Living bread: heart of the matter

living-bread53 Jesus said to them, “Amen, amen, I say to you, unless you eat the flesh of the Son of Man and drink his blood, you do not have life within you. 54 Whoever eats my flesh and drinks my blood has eternal life, and I will raise him on the last day.

Most all scholarly works hold that v.53 is at the heart of the matter. In addition to the Protestant/Reformed – Catholic divide, there is a more subtle divide among scholars. Consider the position of Leon Morris [332] vis-à-vis these verses:

“This is the section of the discourse that is claimed most confidently to refer to the Holy Communion. The language of eating the flesh and drinking the blood is said to be explicable only, or at least most naturally, in terms of the sacrament. But is this so? Surely not! The objections already urged remain, and the very strength of the language is against it. The eating and drinking spoken of are the means of bringing eternal life (v. 54), and they are absolutely unqualified. Who is going to argue seriously that the one thing necessary for eternal life is to receive Holy Communion? Nothing is said, for example, about faith; is it not necessary to believe if we are to have life? Again, “flesh” is not commonly used with reference to the sacrament. In every other New Testament passage referring to it the word is “body.” Ryle further points out that to take the view we are opposing “is to interpose a bodily act between the soul of man and salvation. This is a thing for which there is no precedent in Scripture.
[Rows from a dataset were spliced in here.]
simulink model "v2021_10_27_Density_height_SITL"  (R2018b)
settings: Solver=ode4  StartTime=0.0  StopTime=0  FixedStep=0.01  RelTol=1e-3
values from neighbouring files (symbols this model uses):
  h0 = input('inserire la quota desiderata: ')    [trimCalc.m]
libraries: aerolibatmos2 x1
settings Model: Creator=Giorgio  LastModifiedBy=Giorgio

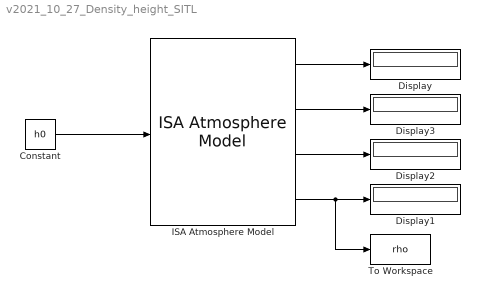
== system v2021_10_27_Density_height_SITL ==
  Constant : Constant  Value=h0
  Display{,1..3} (4 alike) : Display
  ISA Atmosphere Model : aerolibatmos2/ISA Atmosphere Model  custom=off  g=9.80665  gamma=1.4  R=287.0531  L=0.0065  h_trop=11000  h_strat=20000  rho0=1.225  P0=101325  T0=288.15  h0=0
      settings: SourceProductName=Aerospace Blockset
  To Workspace : ToWorkspace  VariableName=rho  SampleTime=-1
  wires:
  Constant/1 -> ISA Atmosphere Model/1
  ISA Atmosphere Model/1 -> Display/1
  ISA Atmosphere Model/2 -> Display3/1
  ISA Atmosphere Model/3 -> Display2/1
  ISA Atmosphere Model/4 -> To Workspace/1, Display1/1
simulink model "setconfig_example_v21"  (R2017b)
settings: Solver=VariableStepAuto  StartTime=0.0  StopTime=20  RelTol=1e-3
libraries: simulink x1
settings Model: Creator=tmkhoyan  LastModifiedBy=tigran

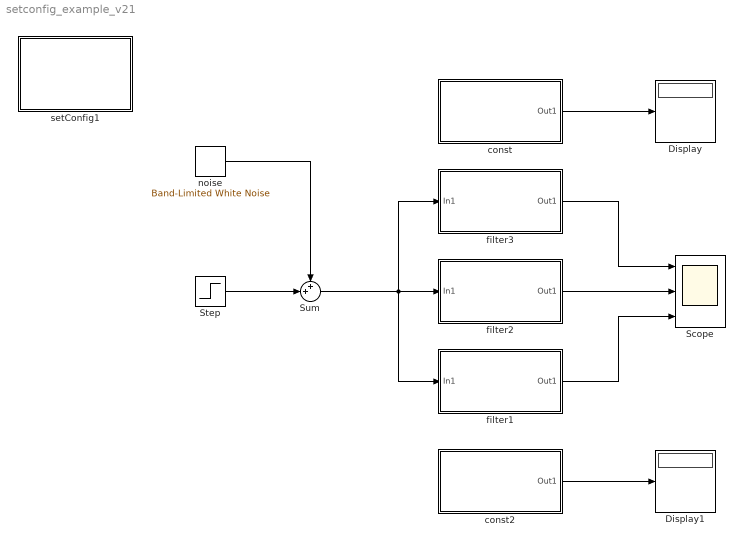
== system setconfig_example_v21 ==
  Display : Display
  Display1 : Display
  Scope : Scope  NumInputPorts=3
  Step : Step  SampleTime=0
  Sum : Sum  Inputs=++|
  const : Subsystem  mask{c1=0.01, c2=0.055, c3=0.026}
      mask prompts: c1 "constant 1"; c2 "constant 2"; c3 "constant 3"
  const2 : Subsystem  mask{k1=0.02, k2=100.005, k3=11.2}
      mask prompts: k1 "constant 1"; k2 "constant 2"; k3 "constant 3"
  filter1 : Subsystem
  filter2 : Subsystem
  filter3 : Subsystem
  noise : simulink/Sources/Band-Limited White Noise  Cov=0.02  Ts=0.0012  seed=[23341]
  setConfig1 : Subsystem  mask{filename='config/config_2.1.txt'}
      mask prompts: filename "config path"
      mask init:
      | setConfig(filename);
      mask DialogControl openfile Prompt: open file
      mask DialogControl openfile Callback:
      | flnm = [pwd(),'/',strip(get_param(gcb,'filename'),'''')];
      | try
      | open(flnm);
      | catch
      | warning('file %s not found',flnm);
      | end
      mask DialogControl setprm Prompt: Apply settings
      mask DialogControl setprm Callback:
      | flnm = strip(get_param(gcb,'filename'),'''');
      | try
      | setConfig(flnm);
      | catch
      | warning('file %s not found',flnm);
      | end
      mask Display: disp('x_o');
  wires:
  Sum/1 -> filter1/1(In1), filter2/1(In1), filter3/1(In1)
  filter2/1(Out1) -> Scope/2
  filter3/1(Out1) -> Scope/1
  filter1/1(Out1) -> Scope/3
  Step/1 -> Sum/2
  noise/1 -> Sum/1
  const/1(Out1) -> Display/1
  const2/1(Out1) -> Display1/1

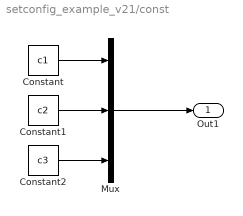
== system setconfig_example_v21/const ==
  Constant : Constant  Value=c1
  Constant1 : Constant  Value=c2
  Constant2 : Constant  Value=c3
  Mux : Mux  Inputs=3
  Out1 : Outport
  wires:
  Constant/1 -> Mux/1
  Constant1/1 -> Mux/2
  Constant2/1 -> Mux/3
  Mux/1 -> Out1/1

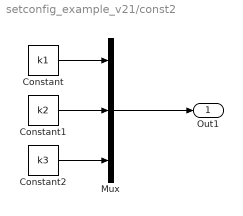
== system setconfig_example_v21/const2 ==
  Constant : Constant  Value=k1
  Constant1 : Constant  Value=k2
  Constant2 : Constant  Value=k3
  Mux : Mux  Inputs=3
  Out1 : Outport
  wires:
  Constant/1 -> Mux/1
  Constant1/1 -> Mux/2
  Constant2/1 -> Mux/3
  Mux/1 -> Out1/1

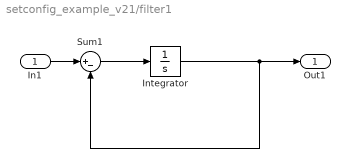
== system setconfig_example_v21/filter1 ==
  In1 : Inport
  Integrator : Integrator  InitialCondition=2
  Sum1 : Sum  Inputs=|+-
  Out1 : Outport
  wires:
  Sum1/1 -> Integrator/1
  Integrator/1 -> Out1/1, Sum1/2
  In1/1 -> Sum1/1

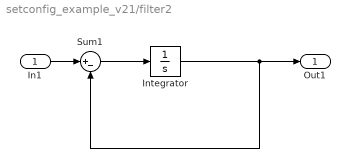
== system setconfig_example_v21/filter2 ==
  In1 : Inport
  Integrator : Integrator  InitialCondition=-2  UpperSaturationLimit=120
  Sum1 : Sum  Inputs=|+-
  Out1 : Outport
  wires:
  In1/1 -> Sum1/1
  Integrator/1 -> Sum1/2, Out1/1
  Sum1/1 -> Integrator/1

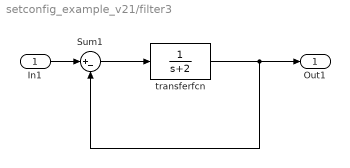
== system setconfig_example_v21/filter3 ==
  In1 : Inport
  Sum1 : Sum  Inputs=|+-
  transferfcn : TransferFcn  Denominator=[1 2]
  Out1 : Outport
  wires:
  Sum1/1 -> transferfcn/1
  transferfcn/1 -> Out1/1, Sum1/2
  In1/1 -> Sum1/1

== system setconfig_example_v21/setConfig1 ==
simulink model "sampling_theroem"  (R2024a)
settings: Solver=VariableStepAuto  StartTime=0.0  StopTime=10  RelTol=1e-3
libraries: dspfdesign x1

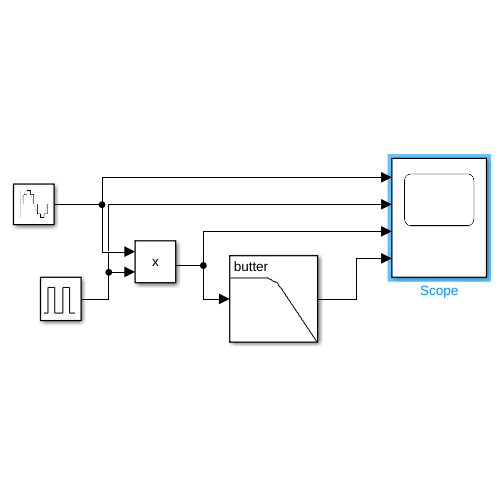
[thumbnail: Simulink's stored preview of the top-level diagram]
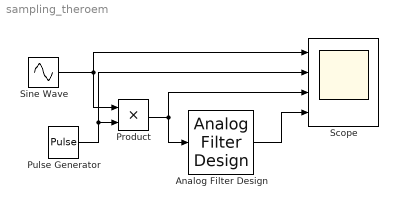
== system sampling_theroem ==
  Analog Filter Design : dspfdesign/Analog Filter Design  method=Butterworth  filttype=Lowpass  N=3  Wlo=1  Whi=80  Rp=2  Rs=40
  Product : Product
  Pulse Generator : DiscretePulseGenerator  PulseType=Time based  Period=0.025  PulseWidth=5
  Scope : Scope  NumInputPorts=4
  Sine Wave : Sin  Amplitude=2  Frequency=1.5  SampleTime=0.001
  wires:
  Product/1 -> Scope/3, Analog Filter Design/1
  Pulse Generator/1 -> Scope/2, Product/2
  Sine Wave/1 -> Product/1, Scope/1
  Analog Filter Design/1 -> Scope/4
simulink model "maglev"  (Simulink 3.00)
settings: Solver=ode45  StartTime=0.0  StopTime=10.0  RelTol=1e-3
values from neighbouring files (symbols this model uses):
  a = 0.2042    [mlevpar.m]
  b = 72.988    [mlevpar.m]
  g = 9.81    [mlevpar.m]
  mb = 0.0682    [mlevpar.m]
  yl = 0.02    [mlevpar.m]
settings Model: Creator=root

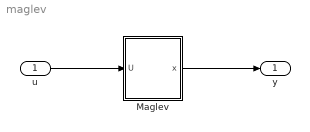
== system maglev ==
  u : Inport  Port=1  PortWidth=-1  SampleTime=-1  DataType=auto
      settings: SignalType=auto
  Maglev : Subsystem
  y : Outport  Port=1
  wires:
  Maglev/1(x) -> y/1
  u/1 -> Maglev/1(U)

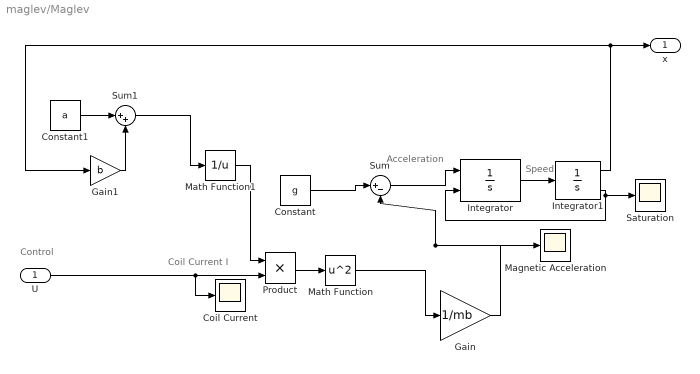
== system maglev/Maglev ==
  note: Control
  note: Speed
  note: Acceleration
  note: Coil Current I
  U : Inport  Port=1  PortWidth=-1  SampleTime=-1  DataType=auto
      settings: SignalType=auto
  Coil Current : Scope
      settings: TimeRange=auto  YMin=0  YMax=30  SaveToWorkspace=off  SaveName=ScopeData
  Constant : Constant  Value=g
  Constant1 : Constant  Value=a
  Gain : Gain  Gain=1/mb  SaturateOnIntegerOverflow=on
  Gain1 : Gain  Gain=b  SaturateOnIntegerOverflow=on
  Integrator : Integrator  ExternalReset=falling  InitialConditionSource=internal  InitialCondition=0  LimitOutput=off  UpperSaturationLimit=inf  LowerSaturationLimit=-inf  ShowSaturationPort=off  ShowStatePort=off  AbsoluteTolerance=auto
  Integrator1 : Integrator  ExternalReset=none  InitialConditionSource=internal  InitialCondition=yl  LimitOutput=on  UpperSaturationLimit=10  LowerSaturationLimit=0  ShowSaturationPort=on  ShowStatePort=off  AbsoluteTolerance=auto
  Magnetic Acceleration : Scope
      settings: TimeRange=auto  YMin=0  YMax=7  SaveToWorkspace=off  SaveName=ScopeData
  Math Function : Math  Operator=square  OutputSignalType=auto
  Math Function1 : Math  Operator=reciprocal  OutputSignalType=auto
  Product : Product  Inputs=2  SaturateOnIntegerOverflow=on
  Saturation : Scope
      settings: TimeRange=auto  YMin=0  YMax=7  SaveToWorkspace=off  SaveName=ScopeData  MaxRows=125000
  Sum : Sum  Inputs=|+-  SaturateOnIntegerOverflow=on
  Sum1 : Sum  Inputs=|++  SaturateOnIntegerOverflow=on
  x : Outport  Port=1
  wires:
  Gain/1 -> Magnetic Acceleration/1, Sum/2
  Product/1 -> Math Function/1
  Sum/1 -> Integrator/1
  Math Function1/1 -> Product/1
  Constant/1 -> Sum/1
  Sum1/1 -> Math Function1/1
  Gain1/1 -> Sum1/2
  Constant1/1 -> Sum1/1
  Integrator/1 -> Integrator1/1
  Math Function/1 -> Gain/1
  Integrator1/1 -> Gain1/1, x/1
  Integrator1/2 -> Integrator/2, Saturation/1
  U/1 -> Coil Current/1, Product/2

The only things without which we cannot be saved are repentance and faith.” I am not contending that we cannot apply the passage helpfully to the sacrament. But I very strongly doubt whether this is the primary meaning. It seems much better to think of the words as meaning first and foremost the appropriation of Christ.”

[Note: In Hebrew and Aramaic of Jesus’ day, there really was no word for “body.” John’s use of “flesh” (whereas the synoptic Eucharistic accounts use “body”) is perhaps closest to the language of Jesus. The earliest writers of the church, e.g. Ignatius and Justin Martyr use the language of “flesh” in their discourses and letters regarding the Eucharist. Clearly the first Christian communities recognized the Eucharistic theme of John’s verses.]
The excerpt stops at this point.